In order to mitigate the current and potential future liquidity issues caused by the matters noted above, we may seek to raise capital through the issuance of common stock or pursue asset sales or other transactions, such as the sale of the Orthobiologics Business described above. However, such transactions may not be successful, and we may not be able to raise additional equity, refinance our debt instruments, or sell assets on acceptable terms, or at all. As such, based on our current operating plans, we believe there is uncertainty as to whether our future cash flows along with our existing cash, issuances of additional equity and cash generated from expected future sales will be sufficient to meet our anticipated operating needs through twelve months from the condensed consolidated financial statement issuance date. Due to these factors, there is substantial doubt about our ability to continue as a going concern within one year after the issuance of the condensed consolidated financial statements.
The accompanying condensed consolidated financial statements do not include any adjustments that might result from the outcome of this uncertainty. That is, the accompanying financial statements have been prepared assuming that the Company will continue as a going concern, which contemplates continuity of operations, realization of assets, and satisfaction of liabilities in the ordinary course of business.
Use of Estimates
The preparation of financial statements in conformity with GAAP requires management to make estimates and assumptions that affect the reported amounts of assets and liabilities at the date of the financial statements and the reported amounts of revenues and expenses during the reporting period. Estimates and assumptions relating to inventories, receivables, long-lived assets, the valuation of stock-based awards, the valuation of the revenue interest obligation, the valuation of the warrant liability, the contingent liabilities for legal proceedings and deferred income taxes are made at the end of each financial reporting period by management. Management continually re-evaluates its estimates, judgments and assumptions, and management's evaluation could change. Actual results could differ from those estimates.
Net Loss per Share Attributable to Common Stockholders
Our common stock has a dual class structure, consisting of Class A common stock, $
11
Fair Value of Financial Instruments
Fair value is defined as the price that would be received to sell an asset or paid to transfer a liability in an orderly transaction between market participants at the measurement date. To increase the comparability of fair value measures, the following hierarchy prioritizes the inputs to valuation methodologies used to measure fair value:
Level 1 - Valuations based on quoted prices for identical assets and liabilities in active markets.

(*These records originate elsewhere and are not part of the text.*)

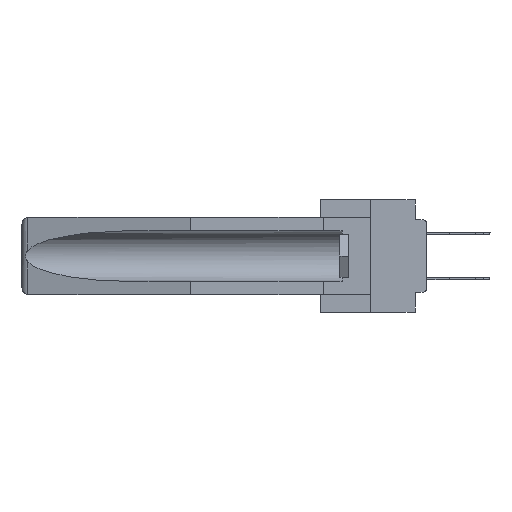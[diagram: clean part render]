
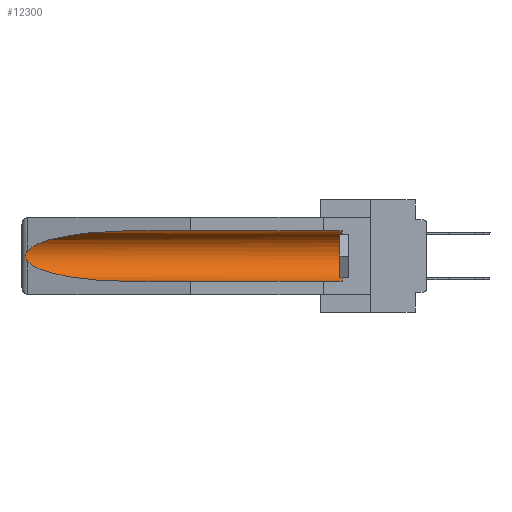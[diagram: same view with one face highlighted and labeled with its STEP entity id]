
A CAD part, left-side view. The second image highlights one B-rep face of the part: STEP entity #12300.
In plain terms, the highlighted cylindrical face has radius 2.857 mm (diameter 5.715 mm), a partial arc.
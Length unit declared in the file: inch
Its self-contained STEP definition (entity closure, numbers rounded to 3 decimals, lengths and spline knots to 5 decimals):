
#638 = EDGE_LOOP ( 'NONE', ( #1322, #2833, #20047, #8130, #3086, #2522 ) ) ;
#921 = VERTEX_POINT ( 'NONE', #11804 ) ;
#1167 = CARTESIAN_POINT ( 'NONE',  ( 0.155, 1.07973, -0.059 ) ) ;
#1322 = ORIENTED_EDGE ( 'NONE', *, *, #6234, .T. ) ;
#2012 = CARTESIAN_POINT ( 'NONE',  ( 0.26537, 1.52718, -0.19328 ) ) ;
#2322 = EDGE_CURVE ( 'NONE', #921, #24155, #18612, .T. ) ;
#2522 = ORIENTED_EDGE ( 'NONE', *, *, #7454, .T. ) ;
#2833 = ORIENTED_EDGE ( 'NONE', *, *, #29028, .T. ) ;
#2922 = DIRECTION ( 'NONE',  ( 0., 1., 0. ) ) ;
#3086 = ORIENTED_EDGE ( 'NONE', *, *, #18140, .T. ) ;
#3307 = AXIS2_PLACEMENT_3D ( 'NONE', #14580, #12378, #21364 ) ;
#4068 = CARTESIAN_POINT ( 'NONE',  ( 0.26537, 1.52718, -0.14972 ) ) ;
#4196 = CARTESIAN_POINT ( 'NONE',  ( 0.21114, 1.30732, -0.284 ) ) ;
#4208 = CARTESIAN_POINT ( 'NONE',  ( 0.26537, 1.52718, -0.19328 ) ) ;
#4729 = VECTOR ( 'NONE', #2922, 39.37008 ) ;
#5043 = VERTEX_POINT ( 'NONE', #19151 ) ;
#5595 = CYLINDRICAL_SURFACE ( 'NONE', #3307, 0.1125 ) ;
#6234 = EDGE_CURVE ( 'NONE', #28727, #5043, #13527, .T. ) ;
#7454 = EDGE_CURVE ( 'NONE', #21783, #28727, #16106, .T. ) ;
#8080 = CIRCLE ( 'NONE', #25982, 0.1125 ) ;
#8130 = ORIENTED_EDGE ( 'NONE', *, *, #12670, .F. ) ;
#8510 = CARTESIAN_POINT ( 'NONE',  ( 0.26597, 1.5296, -0.19026 ) ) ;
#8653 = CARTESIAN_POINT ( 'NONE',  ( 0.26654, 1.53092, -0.15636 ) ) ;
#10566 = CARTESIAN_POINT ( 'NONE',  ( 0.25451, 1.48313, -0.24835 ) ) ;
#10715 = CARTESIAN_POINT ( 'NONE',  ( 0.2675, 1.53308, -0.17534 ) ) ;
#11804 = CARTESIAN_POINT ( 'NONE',  ( 0.26537, 1.52718, -0.19328 ) ) ;
#11992 = CARTESIAN_POINT ( 'NONE',  ( 0.26537, 1.52718, -0.14972 ) ) ;
#12300 = ADVANCED_FACE ( 'NONE', ( #25782 ), #5595, .F. ) ;
#12378 = DIRECTION ( 'NONE',  ( 0., 1., 0. ) ) ;
#12670 = EDGE_CURVE ( 'NONE', #18982, #24155, #21332, .T. ) ;
#13527 =( BOUNDED_CURVE ( )  B_SPLINE_CURVE ( 3, ( #25691, #25824, #17119, #11992 ),
 .UNSPECIFIED., .F., .F. ) 
 B_SPLINE_CURVE_WITH_KNOTS ( ( 4, 4 ),
 ( 4.71239, 6.08839 ),
 .UNSPECIFIED. ) 
 CURVE ( )  GEOMETRIC_REPRESENTATION_ITEM ( )  RATIONAL_B_SPLINE_CURVE ( ( 1., 0.848, 0.848, 1. ) ) 
 REPRESENTATION_ITEM ( '' )  );
#13629 = CARTESIAN_POINT ( 'NONE',  ( 0.155, 1.07973, -0.284 ) ) ;
#13929 = B_SPLINE_CURVE_WITH_KNOTS ( 'NONE', 3,
 ( #4068, #23981, #8653, #19269, #26198, #10715, #19695, #28656, #8510, #4208 ),
 .UNSPECIFIED., .F., .F.,
 ( 4, 2, 2, 2, 4 ),
 ( 0., 0.00029, 0.00058, 0.00087, 0.00117 ),
 .UNSPECIFIED. ) ;
#14580 = CARTESIAN_POINT ( 'NONE',  ( 0.155, -0.30754, -0.1715 ) ) ;
#15504 = CARTESIAN_POINT ( 'NONE',  ( 0.155, 0.126, -0.1715 ) ) ;
#16106 = LINE ( 'NONE', #25403, #24719 ) ;
#17119 = CARTESIAN_POINT ( 'NONE',  ( 0.25451, 1.48313, -0.09465 ) ) ;
#18140 = EDGE_CURVE ( 'NONE', #18982, #21783, #8080, .T. ) ;
#18478 = DIRECTION ( 'NONE',  ( 0., 1., 0. ) ) ;
#18547 = CARTESIAN_POINT ( 'NONE',  ( 0.155, -0.30754, -0.284 ) ) ;
#18612 =( BOUNDED_CURVE ( )  B_SPLINE_CURVE ( 3, ( #2012, #10566, #4196, #19976 ),
 .UNSPECIFIED., .F., .F. ) 
 B_SPLINE_CURVE_WITH_KNOTS ( ( 4, 4 ),
 ( 0.1948, 1.5708 ),
 .UNSPECIFIED. ) 
 CURVE ( )  GEOMETRIC_REPRESENTATION_ITEM ( )  RATIONAL_B_SPLINE_CURVE ( ( 1., 0.848, 0.848, 1. ) ) 
 REPRESENTATION_ITEM ( '' )  );
#18982 = VERTEX_POINT ( 'NONE', #26617 ) ;
#19151 = CARTESIAN_POINT ( 'NONE',  ( 0.26537, 1.52718, -0.14972 ) ) ;
#19269 = CARTESIAN_POINT ( 'NONE',  ( 0.2673, 1.5327, -0.16383 ) ) ;
#19689 = CARTESIAN_POINT ( 'NONE',  ( 0.155, 0.126, -0.059 ) ) ;
#19695 = CARTESIAN_POINT ( 'NONE',  ( 0.2673, 1.53269, -0.17917 ) ) ;
#19976 = CARTESIAN_POINT ( 'NONE',  ( 0.155, 1.07973, -0.284 ) ) ;
#20047 = ORIENTED_EDGE ( 'NONE', *, *, #2322, .T. ) ;
#21332 = LINE ( 'NONE', #18547, #4729 ) ;
#21364 = DIRECTION ( 'NONE',  ( 0., 0., 1. ) ) ;
#21783 = VERTEX_POINT ( 'NONE', #19689 ) ;
#22296 = DIRECTION ( 'NONE',  ( 0., 0., 1. ) ) ;
#23981 = CARTESIAN_POINT ( 'NONE',  ( 0.26597, 1.52961, -0.15275 ) ) ;
#24155 = VERTEX_POINT ( 'NONE', #13629 ) ;
#24719 = VECTOR ( 'NONE', #18478, 39.37008 ) ;
#25403 = CARTESIAN_POINT ( 'NONE',  ( 0.155, -0.30754, -0.059 ) ) ;
#25691 = CARTESIAN_POINT ( 'NONE',  ( 0.155, 1.07973, -0.059 ) ) ;
#25782 = FACE_OUTER_BOUND ( 'NONE', #638, .T. ) ;
#25824 = CARTESIAN_POINT ( 'NONE',  ( 0.21114, 1.30732, -0.059 ) ) ;
#25982 = AXIS2_PLACEMENT_3D ( 'NONE', #15504, #28896, #22296 ) ;
#26198 = CARTESIAN_POINT ( 'NONE',  ( 0.2675, 1.53308, -0.16763 ) ) ;
#26617 = CARTESIAN_POINT ( 'NONE',  ( 0.155, 0.126, -0.284 ) ) ;
#28656 = CARTESIAN_POINT ( 'NONE',  ( 0.26655, 1.53094, -0.18657 ) ) ;
#28727 = VERTEX_POINT ( 'NONE', #1167 ) ;
#28896 = DIRECTION ( 'NONE',  ( 0., -1., 0. ) ) ;
#29028 = EDGE_CURVE ( 'NONE', #5043, #921, #13929, .T. ) ;

Level 2 - Valuations based on observable inputs other than quoted prices included in Level 1, such as quoted prices for similar assets and liabilities in active markets, quoted prices for identical or similar assets and liabilities in markets that are not active, or other inputs that are observable or can be corroborated by observable market data.
Level 3 - Valuations based on unobservable inputs reflecting the Company’s own assumptions, consistent with reasonably available assumptions made by other market participants. These valuations require significant judgment.
The estimated fair value of financial instruments disclosed in the financial statements has been determined by using available market information and appropriate valuation methodologies. The carrying value of all current assets and current liabilities approximates fair value because of their short-term nature.
Cash and Cash Equivalents
The Company maintains its cash balances at banks and financial institutions. The balances are insured up to the legal limit. The Company maintains cash balances that may, at times, exceed this insured limit. The Company considers cash on hand, demand deposits in a bank, money market funds, and all highly liquid investments with an original maturity of 90 days or less to be cash and cash equivalents.
Accounts Receivable and Allowances
Accounts receivable in the accompanying balance sheets are presented net of allowances for credit losses. The Company grants credit to customers in the normal course of business, but generally does not require collateral or any other security to support its receivables.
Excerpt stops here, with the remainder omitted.